** WHAT IS EXPECTED **
From the data below, copy exactly the lines that lie between the one holding "unnamed: D74.2, MX74.2, SW4.S2" and the one holding "D30.1, D73.1, U1.28", including both, and nothing more.

- - -

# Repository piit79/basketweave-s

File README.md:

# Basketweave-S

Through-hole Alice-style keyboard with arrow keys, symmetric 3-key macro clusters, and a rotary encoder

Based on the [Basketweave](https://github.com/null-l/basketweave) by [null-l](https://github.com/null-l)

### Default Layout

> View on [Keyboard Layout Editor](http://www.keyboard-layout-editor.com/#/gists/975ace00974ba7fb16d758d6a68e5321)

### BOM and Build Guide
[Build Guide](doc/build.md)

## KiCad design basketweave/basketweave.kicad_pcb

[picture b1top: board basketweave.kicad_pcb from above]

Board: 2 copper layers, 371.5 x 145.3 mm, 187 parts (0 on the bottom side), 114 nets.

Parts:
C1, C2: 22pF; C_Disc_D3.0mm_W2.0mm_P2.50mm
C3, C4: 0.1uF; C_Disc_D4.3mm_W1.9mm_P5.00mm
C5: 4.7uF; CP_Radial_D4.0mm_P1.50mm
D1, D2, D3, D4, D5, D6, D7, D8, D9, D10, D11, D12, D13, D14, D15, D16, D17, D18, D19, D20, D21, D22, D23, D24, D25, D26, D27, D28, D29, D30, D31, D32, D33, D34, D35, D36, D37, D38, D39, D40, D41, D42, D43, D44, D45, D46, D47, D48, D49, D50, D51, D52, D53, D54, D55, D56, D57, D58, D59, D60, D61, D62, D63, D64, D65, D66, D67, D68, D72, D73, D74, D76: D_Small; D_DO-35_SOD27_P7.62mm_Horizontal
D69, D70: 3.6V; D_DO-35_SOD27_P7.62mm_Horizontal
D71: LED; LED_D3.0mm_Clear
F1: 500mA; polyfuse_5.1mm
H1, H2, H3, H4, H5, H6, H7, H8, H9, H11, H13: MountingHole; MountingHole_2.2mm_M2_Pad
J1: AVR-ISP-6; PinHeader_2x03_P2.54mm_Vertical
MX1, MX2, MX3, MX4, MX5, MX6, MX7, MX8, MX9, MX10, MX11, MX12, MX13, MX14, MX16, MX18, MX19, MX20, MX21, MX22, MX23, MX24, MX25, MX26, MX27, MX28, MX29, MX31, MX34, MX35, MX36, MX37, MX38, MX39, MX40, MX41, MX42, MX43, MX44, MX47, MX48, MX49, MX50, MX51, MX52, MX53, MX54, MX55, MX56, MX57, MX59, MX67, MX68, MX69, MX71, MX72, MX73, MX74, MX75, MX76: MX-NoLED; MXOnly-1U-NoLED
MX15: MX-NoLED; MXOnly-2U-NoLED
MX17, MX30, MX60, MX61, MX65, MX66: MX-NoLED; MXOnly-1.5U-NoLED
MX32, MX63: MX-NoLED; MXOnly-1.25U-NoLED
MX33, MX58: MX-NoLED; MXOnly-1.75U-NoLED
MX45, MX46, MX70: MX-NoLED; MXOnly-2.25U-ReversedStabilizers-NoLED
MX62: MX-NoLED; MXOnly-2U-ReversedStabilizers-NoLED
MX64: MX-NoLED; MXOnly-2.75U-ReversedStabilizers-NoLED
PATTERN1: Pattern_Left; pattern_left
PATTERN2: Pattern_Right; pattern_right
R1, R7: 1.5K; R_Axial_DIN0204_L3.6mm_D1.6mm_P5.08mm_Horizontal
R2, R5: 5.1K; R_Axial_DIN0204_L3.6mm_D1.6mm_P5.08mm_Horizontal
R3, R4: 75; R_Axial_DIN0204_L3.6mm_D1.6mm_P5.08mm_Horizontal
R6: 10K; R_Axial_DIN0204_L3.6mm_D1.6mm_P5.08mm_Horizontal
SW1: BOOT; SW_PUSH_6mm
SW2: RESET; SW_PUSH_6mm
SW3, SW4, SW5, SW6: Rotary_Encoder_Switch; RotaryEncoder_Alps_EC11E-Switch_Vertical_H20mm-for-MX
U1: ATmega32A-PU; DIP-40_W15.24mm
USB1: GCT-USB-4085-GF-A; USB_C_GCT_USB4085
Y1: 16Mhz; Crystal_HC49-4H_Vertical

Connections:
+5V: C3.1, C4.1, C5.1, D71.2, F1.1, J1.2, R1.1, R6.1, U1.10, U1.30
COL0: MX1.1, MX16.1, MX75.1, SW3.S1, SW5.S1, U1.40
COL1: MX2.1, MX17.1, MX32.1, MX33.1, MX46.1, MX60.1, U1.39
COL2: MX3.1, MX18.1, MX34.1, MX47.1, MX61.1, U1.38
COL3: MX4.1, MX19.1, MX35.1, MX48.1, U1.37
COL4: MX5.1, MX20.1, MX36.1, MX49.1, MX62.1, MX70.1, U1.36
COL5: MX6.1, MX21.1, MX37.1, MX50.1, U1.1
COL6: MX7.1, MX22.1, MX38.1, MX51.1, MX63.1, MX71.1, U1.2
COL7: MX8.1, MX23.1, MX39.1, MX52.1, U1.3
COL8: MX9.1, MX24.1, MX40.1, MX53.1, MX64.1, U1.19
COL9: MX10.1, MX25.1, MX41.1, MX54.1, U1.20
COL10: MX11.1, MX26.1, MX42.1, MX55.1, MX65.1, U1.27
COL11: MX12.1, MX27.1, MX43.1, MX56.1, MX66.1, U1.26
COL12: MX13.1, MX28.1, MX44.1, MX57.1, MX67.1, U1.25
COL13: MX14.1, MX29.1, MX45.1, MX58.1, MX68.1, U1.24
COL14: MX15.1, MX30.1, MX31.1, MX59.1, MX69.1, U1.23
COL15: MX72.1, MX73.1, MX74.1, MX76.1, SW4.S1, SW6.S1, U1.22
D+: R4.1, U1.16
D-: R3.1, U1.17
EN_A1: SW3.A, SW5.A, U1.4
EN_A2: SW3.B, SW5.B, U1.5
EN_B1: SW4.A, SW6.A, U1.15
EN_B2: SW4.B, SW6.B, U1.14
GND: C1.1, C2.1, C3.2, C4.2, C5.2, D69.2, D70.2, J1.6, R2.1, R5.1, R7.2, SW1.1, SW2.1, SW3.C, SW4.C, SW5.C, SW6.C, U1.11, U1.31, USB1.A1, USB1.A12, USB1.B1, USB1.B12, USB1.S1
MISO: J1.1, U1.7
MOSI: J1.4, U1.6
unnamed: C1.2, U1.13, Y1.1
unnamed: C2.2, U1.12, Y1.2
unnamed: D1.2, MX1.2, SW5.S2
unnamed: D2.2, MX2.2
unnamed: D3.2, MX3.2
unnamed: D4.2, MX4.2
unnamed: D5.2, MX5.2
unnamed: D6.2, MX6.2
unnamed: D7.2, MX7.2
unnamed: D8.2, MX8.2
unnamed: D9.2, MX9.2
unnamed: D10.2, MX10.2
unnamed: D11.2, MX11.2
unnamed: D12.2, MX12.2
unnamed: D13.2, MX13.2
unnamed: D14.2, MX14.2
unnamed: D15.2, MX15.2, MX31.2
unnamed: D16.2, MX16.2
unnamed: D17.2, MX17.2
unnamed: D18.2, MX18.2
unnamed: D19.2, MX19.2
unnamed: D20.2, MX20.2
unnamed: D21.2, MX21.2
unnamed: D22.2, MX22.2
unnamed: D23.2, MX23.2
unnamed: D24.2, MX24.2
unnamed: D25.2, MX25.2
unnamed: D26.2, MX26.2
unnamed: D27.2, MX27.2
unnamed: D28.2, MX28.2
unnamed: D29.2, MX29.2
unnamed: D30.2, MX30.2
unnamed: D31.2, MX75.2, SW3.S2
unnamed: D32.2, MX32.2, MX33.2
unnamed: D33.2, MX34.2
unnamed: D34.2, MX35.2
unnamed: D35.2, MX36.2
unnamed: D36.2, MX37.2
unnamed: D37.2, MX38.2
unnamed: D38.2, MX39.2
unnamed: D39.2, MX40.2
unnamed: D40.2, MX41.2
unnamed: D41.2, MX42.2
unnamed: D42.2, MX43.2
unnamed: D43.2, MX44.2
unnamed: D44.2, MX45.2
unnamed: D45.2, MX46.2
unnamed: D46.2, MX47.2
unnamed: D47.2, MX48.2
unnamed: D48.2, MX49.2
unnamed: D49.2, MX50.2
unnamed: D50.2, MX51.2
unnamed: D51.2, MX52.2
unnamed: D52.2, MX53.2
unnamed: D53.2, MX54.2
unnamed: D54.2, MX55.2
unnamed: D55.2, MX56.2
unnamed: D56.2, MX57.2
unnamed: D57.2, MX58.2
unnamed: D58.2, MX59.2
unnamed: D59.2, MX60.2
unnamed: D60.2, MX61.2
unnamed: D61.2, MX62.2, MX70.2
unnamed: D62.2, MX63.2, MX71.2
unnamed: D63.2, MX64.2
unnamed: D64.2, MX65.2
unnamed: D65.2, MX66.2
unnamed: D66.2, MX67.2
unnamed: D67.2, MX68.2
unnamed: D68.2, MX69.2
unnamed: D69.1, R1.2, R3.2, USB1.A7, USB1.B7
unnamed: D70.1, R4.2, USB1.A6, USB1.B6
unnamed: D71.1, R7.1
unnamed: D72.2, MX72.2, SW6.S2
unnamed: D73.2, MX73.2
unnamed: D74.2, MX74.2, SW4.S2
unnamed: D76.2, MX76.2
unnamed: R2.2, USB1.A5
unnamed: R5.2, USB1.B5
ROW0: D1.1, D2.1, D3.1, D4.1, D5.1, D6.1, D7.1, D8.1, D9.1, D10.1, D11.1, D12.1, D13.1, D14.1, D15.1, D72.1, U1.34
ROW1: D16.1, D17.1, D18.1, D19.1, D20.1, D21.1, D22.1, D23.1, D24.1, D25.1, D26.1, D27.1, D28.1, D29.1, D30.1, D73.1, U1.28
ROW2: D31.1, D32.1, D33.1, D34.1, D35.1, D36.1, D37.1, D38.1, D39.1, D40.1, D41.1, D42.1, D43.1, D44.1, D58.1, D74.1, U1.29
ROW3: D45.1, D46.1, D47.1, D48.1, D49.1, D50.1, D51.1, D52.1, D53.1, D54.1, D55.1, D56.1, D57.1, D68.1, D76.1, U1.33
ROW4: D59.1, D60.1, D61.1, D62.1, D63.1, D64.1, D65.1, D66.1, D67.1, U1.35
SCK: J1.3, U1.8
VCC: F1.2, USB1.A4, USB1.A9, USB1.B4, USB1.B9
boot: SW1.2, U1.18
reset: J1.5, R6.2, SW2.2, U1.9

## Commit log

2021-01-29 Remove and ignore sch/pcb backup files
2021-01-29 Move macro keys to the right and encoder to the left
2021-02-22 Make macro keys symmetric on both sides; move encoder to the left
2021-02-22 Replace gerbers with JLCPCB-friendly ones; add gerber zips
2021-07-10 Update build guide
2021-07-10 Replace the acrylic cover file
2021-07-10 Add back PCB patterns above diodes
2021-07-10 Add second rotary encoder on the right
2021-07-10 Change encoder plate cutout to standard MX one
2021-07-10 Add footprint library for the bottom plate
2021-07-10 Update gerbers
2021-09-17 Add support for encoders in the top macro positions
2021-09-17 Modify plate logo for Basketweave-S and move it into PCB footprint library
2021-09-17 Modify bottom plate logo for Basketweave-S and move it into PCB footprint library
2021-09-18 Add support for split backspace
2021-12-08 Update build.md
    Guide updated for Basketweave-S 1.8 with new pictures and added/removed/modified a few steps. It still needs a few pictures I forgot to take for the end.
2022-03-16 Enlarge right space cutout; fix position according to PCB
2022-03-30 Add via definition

- - -

** SOLUTION BELOW **
unnamed: D74.2, MX74.2, SW4.S2
unnamed: D76.2, MX76.2
unnamed: R2.2, USB1.A5
unnamed: R5.2, USB1.B5
ROW0: D1.1, D2.1, D3.1, D4.1, D5.1, D6.1, D7.1, D8.1, D9.1, D10.1, D11.1, D12.1, D13.1, D14.1, D15.1, D72.1, U1.34
ROW1: D16.1, D17.1, D18.1, D19.1, D20.1, D21.1, D22.1, D23.1, D24.1, D25.1, D26.1, D27.1, D28.1, D29.1, D30.1, D73.1, U1.28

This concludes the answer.